Abstract
Context: Rates of preventive screening remain low in the United States. Levels of adherence to preventive guidelines are even lower underserved populations. Rural populations have higher modifiable risk factors for cardiovascular disease (CVD) than urban populations and bear a disproportionate burden of CVD. Screening, prevention, and management of CVD and its risk factors largely occur in primary care settings, particularly in rural areas.
With an increasing emphasis on value-based payment and quality reporting, it remains unknown if rural primary care practices have closed performance gaps.
Objective: To compare CVD screening, prevention, and management quality measures in a large national primary care registry between rural and urban practices and also assess for disparities by patient race/ethnicity composition of the practice.
Study Design and Analysis: Repeated measures analysis of practice level quarterly quality measure data.
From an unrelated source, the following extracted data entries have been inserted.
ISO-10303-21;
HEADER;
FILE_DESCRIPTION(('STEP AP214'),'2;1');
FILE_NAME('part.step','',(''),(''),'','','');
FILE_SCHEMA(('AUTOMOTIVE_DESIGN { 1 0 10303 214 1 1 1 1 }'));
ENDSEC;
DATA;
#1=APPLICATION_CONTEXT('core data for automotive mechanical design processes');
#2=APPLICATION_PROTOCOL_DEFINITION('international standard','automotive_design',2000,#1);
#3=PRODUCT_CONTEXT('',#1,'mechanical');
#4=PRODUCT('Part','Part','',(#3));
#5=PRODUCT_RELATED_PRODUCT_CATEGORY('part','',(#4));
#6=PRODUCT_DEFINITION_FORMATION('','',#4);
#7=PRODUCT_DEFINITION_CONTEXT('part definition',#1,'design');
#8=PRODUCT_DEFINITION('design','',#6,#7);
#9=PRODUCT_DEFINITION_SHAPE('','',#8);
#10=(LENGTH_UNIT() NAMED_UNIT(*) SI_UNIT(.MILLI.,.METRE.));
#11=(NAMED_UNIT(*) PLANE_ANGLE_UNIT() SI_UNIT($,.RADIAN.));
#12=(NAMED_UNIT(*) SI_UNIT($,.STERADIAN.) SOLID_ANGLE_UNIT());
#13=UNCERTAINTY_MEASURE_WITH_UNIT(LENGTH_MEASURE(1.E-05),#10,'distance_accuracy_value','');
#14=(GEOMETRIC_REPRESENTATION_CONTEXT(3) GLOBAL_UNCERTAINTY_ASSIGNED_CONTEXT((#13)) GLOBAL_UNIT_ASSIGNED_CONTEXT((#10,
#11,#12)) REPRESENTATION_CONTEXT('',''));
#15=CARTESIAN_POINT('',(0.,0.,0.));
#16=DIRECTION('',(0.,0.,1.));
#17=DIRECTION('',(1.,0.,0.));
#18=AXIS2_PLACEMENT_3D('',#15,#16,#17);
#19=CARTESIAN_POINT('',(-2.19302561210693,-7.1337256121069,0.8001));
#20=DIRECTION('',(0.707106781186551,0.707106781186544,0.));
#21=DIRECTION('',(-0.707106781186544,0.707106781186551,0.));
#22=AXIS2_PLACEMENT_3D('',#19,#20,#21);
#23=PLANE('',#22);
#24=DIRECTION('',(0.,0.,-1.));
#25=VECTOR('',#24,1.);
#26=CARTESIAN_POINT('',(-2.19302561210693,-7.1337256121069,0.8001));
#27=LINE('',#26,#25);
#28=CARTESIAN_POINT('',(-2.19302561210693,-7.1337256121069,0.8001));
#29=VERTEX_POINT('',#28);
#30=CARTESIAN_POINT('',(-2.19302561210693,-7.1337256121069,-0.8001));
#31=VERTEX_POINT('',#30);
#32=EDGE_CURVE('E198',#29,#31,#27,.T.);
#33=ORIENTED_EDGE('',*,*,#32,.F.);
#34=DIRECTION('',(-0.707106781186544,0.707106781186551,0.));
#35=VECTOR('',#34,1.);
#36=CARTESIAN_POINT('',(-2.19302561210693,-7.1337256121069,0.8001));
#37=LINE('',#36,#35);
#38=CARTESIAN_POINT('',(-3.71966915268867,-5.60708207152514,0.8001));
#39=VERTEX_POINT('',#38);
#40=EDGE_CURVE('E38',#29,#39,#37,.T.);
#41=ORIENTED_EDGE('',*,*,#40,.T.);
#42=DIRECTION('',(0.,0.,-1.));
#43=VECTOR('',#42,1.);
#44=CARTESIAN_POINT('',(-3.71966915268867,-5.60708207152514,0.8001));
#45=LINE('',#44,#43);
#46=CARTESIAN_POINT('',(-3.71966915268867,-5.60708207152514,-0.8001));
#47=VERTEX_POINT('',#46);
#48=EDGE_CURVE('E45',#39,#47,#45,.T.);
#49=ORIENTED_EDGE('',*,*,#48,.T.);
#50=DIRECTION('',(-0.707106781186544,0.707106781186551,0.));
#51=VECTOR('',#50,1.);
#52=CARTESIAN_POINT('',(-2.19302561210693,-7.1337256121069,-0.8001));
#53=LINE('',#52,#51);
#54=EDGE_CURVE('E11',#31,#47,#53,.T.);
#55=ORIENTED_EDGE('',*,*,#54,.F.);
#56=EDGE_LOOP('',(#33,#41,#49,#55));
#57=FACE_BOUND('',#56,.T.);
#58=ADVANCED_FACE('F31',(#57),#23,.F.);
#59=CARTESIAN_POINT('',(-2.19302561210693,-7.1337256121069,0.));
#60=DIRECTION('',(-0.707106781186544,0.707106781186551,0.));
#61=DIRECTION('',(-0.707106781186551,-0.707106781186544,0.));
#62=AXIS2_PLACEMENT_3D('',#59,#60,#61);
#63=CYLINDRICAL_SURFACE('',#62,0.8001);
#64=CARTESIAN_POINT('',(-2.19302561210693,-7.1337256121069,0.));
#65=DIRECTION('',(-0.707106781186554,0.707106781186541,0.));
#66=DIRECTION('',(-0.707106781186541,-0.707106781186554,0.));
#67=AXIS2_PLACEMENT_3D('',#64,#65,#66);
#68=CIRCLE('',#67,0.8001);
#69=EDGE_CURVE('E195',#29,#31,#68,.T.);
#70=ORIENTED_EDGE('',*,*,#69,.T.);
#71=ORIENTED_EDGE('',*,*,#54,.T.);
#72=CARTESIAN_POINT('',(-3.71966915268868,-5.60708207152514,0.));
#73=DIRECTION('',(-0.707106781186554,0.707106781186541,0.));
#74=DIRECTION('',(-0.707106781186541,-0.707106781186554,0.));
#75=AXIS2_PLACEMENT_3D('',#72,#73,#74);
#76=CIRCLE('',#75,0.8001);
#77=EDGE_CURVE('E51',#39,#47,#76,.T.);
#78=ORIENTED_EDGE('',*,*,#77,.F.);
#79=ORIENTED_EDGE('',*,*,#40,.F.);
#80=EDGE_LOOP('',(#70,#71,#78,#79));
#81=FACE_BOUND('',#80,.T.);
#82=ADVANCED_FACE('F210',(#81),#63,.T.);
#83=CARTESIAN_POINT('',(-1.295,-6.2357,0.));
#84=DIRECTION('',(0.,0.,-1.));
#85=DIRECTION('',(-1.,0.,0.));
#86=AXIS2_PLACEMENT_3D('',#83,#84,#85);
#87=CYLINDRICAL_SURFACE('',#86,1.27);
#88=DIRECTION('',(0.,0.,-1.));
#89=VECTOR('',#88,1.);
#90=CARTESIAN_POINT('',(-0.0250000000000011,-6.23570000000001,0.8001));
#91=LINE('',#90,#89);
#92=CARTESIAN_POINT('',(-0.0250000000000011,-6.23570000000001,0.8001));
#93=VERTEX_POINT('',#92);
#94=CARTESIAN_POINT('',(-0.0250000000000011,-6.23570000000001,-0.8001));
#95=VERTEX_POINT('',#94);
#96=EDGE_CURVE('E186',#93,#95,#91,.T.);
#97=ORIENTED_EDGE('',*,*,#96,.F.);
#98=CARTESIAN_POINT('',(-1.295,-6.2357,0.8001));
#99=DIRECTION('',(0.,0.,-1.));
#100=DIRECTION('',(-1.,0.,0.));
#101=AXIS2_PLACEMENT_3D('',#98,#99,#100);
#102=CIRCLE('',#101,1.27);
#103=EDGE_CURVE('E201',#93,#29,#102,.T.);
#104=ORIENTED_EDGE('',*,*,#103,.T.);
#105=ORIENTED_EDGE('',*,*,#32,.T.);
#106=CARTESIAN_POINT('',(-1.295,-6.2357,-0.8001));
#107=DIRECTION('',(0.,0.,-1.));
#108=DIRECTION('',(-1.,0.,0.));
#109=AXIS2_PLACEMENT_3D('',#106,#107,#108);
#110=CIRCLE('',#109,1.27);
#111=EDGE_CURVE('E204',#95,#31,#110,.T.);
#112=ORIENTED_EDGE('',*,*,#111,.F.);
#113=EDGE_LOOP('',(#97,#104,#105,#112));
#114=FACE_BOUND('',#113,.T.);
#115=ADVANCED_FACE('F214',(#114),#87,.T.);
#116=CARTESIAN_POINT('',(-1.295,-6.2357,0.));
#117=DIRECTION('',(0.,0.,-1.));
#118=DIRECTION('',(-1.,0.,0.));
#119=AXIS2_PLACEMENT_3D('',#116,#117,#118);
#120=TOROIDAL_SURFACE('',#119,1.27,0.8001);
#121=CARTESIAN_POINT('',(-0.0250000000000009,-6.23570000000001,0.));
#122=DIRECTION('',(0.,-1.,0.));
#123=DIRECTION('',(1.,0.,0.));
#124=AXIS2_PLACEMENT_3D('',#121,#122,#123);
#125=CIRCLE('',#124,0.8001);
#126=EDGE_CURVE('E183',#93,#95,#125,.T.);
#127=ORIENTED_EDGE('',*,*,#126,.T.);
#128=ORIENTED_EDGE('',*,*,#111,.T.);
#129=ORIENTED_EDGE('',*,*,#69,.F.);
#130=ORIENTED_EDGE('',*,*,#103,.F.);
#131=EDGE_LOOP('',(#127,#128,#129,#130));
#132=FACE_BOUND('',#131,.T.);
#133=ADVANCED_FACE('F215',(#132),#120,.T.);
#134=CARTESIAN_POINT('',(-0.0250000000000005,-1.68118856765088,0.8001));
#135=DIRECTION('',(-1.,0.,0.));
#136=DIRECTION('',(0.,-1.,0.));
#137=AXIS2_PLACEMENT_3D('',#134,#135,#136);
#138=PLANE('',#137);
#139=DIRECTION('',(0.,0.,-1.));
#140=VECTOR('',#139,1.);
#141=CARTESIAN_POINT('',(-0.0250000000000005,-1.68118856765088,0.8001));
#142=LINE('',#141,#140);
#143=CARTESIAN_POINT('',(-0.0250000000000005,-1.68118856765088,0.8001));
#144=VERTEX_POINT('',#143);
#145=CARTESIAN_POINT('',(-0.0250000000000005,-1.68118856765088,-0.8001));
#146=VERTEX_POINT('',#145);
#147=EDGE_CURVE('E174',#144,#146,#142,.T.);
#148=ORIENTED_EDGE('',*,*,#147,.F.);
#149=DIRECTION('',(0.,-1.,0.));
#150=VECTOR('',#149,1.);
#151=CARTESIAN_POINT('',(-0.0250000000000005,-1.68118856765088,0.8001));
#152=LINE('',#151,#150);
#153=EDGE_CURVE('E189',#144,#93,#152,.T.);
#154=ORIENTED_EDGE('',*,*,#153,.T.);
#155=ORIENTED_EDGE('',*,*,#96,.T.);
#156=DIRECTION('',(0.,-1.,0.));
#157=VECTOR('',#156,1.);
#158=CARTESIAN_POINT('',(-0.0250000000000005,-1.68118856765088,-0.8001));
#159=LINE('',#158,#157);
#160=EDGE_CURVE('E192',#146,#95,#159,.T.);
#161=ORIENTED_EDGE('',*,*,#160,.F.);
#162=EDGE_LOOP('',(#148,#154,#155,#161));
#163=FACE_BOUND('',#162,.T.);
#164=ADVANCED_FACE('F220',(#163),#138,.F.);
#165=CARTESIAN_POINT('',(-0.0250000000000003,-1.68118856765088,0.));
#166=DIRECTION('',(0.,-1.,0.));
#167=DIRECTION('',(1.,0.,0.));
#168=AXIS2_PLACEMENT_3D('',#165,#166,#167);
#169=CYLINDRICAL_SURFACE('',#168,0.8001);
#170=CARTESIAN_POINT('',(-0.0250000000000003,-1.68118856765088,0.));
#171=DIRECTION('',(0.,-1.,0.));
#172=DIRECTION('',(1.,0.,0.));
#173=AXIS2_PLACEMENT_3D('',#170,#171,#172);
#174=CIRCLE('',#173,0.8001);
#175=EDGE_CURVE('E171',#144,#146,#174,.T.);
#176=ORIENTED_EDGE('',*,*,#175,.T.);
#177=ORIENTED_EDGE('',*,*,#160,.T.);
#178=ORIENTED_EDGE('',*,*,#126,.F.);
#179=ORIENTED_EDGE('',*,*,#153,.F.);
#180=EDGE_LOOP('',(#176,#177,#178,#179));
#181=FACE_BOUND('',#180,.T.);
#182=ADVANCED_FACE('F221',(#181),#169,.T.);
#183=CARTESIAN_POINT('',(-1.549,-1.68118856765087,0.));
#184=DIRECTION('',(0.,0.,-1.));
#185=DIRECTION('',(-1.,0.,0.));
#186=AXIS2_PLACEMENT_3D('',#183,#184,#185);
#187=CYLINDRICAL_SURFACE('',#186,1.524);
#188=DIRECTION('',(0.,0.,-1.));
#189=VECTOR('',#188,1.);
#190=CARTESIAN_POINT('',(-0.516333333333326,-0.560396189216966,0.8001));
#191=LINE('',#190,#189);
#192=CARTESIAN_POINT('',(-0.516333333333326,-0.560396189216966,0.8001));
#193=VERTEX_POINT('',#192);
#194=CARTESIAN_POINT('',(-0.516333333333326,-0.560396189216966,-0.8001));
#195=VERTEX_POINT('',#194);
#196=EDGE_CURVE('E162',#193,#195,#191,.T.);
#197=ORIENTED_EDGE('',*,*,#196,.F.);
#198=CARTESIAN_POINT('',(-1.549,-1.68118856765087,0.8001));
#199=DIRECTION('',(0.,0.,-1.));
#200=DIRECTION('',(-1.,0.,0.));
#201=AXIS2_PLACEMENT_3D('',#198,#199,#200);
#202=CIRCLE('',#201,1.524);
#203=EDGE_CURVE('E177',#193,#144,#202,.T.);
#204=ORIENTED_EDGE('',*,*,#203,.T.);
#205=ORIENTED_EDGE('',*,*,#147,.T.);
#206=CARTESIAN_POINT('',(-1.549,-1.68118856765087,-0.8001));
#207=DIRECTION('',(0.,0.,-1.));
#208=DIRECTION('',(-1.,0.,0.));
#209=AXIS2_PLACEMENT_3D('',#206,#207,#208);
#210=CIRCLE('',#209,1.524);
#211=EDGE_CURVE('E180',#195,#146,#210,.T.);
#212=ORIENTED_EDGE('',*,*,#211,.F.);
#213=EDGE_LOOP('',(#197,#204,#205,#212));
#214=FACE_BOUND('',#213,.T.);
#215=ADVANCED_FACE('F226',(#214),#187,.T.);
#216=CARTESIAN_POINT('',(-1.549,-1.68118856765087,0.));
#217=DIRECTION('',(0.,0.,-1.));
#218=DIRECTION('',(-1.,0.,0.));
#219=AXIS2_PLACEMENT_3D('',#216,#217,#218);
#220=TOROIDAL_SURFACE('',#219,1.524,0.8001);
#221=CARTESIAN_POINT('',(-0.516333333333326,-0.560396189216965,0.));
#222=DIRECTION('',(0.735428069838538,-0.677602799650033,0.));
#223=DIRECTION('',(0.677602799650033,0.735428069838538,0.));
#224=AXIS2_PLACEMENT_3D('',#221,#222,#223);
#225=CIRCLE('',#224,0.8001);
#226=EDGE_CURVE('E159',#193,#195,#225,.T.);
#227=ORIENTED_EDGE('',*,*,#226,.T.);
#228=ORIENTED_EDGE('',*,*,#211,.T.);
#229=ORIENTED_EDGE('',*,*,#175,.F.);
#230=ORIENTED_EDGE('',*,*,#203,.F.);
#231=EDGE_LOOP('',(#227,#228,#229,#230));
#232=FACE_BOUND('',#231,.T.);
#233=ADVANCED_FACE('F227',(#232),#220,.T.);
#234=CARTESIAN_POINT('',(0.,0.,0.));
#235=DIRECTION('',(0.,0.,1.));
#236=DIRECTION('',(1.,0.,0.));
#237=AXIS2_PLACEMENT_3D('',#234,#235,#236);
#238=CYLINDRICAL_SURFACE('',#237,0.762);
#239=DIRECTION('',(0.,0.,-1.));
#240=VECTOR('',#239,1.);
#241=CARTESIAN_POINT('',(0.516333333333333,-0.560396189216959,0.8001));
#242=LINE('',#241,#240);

Regression models controlled for percent of patients 40 or older, minority patients, rural patients, and patients living in an area with high social vulnerability.
Setting or Dataset: 183 PRIME registry practices in the United States from January 2016 to December 2020 with data available in every quarter.
Population Studied: Adults aged 18+ in primary care practices.
Intervention/Instrument: n/a
Outcome Measures: Quality measures of controlling high blood pressure (linear) and tobacco use screening and cessation counseling in the bottom quartile (across the entire study period) of performance (binary).
Results: Unadjusted, mean blood pressure control improved from 57.5% to 68.0% and the percent of practices with low tobacco screening and counseling rates improved from 36.3% to 15.1%. In regression models, blood pressure control improved 10.4% with all practice-level variables being non-significant except a micropolitan vs. metropolitan area (-4.2%). Odds of low tobacco screening improved over the study period, however only a higher proportion of patients with a higher social vulnerability index (OR=1.12 (1.03-1.32)) was associated with lower screening rates.
Conclusions: Rural primary care practices largely improved on quality measures for CVD disease prevention and management at the same rate as urban practices.
- © 2023 Annals of Family Medicine, Inc.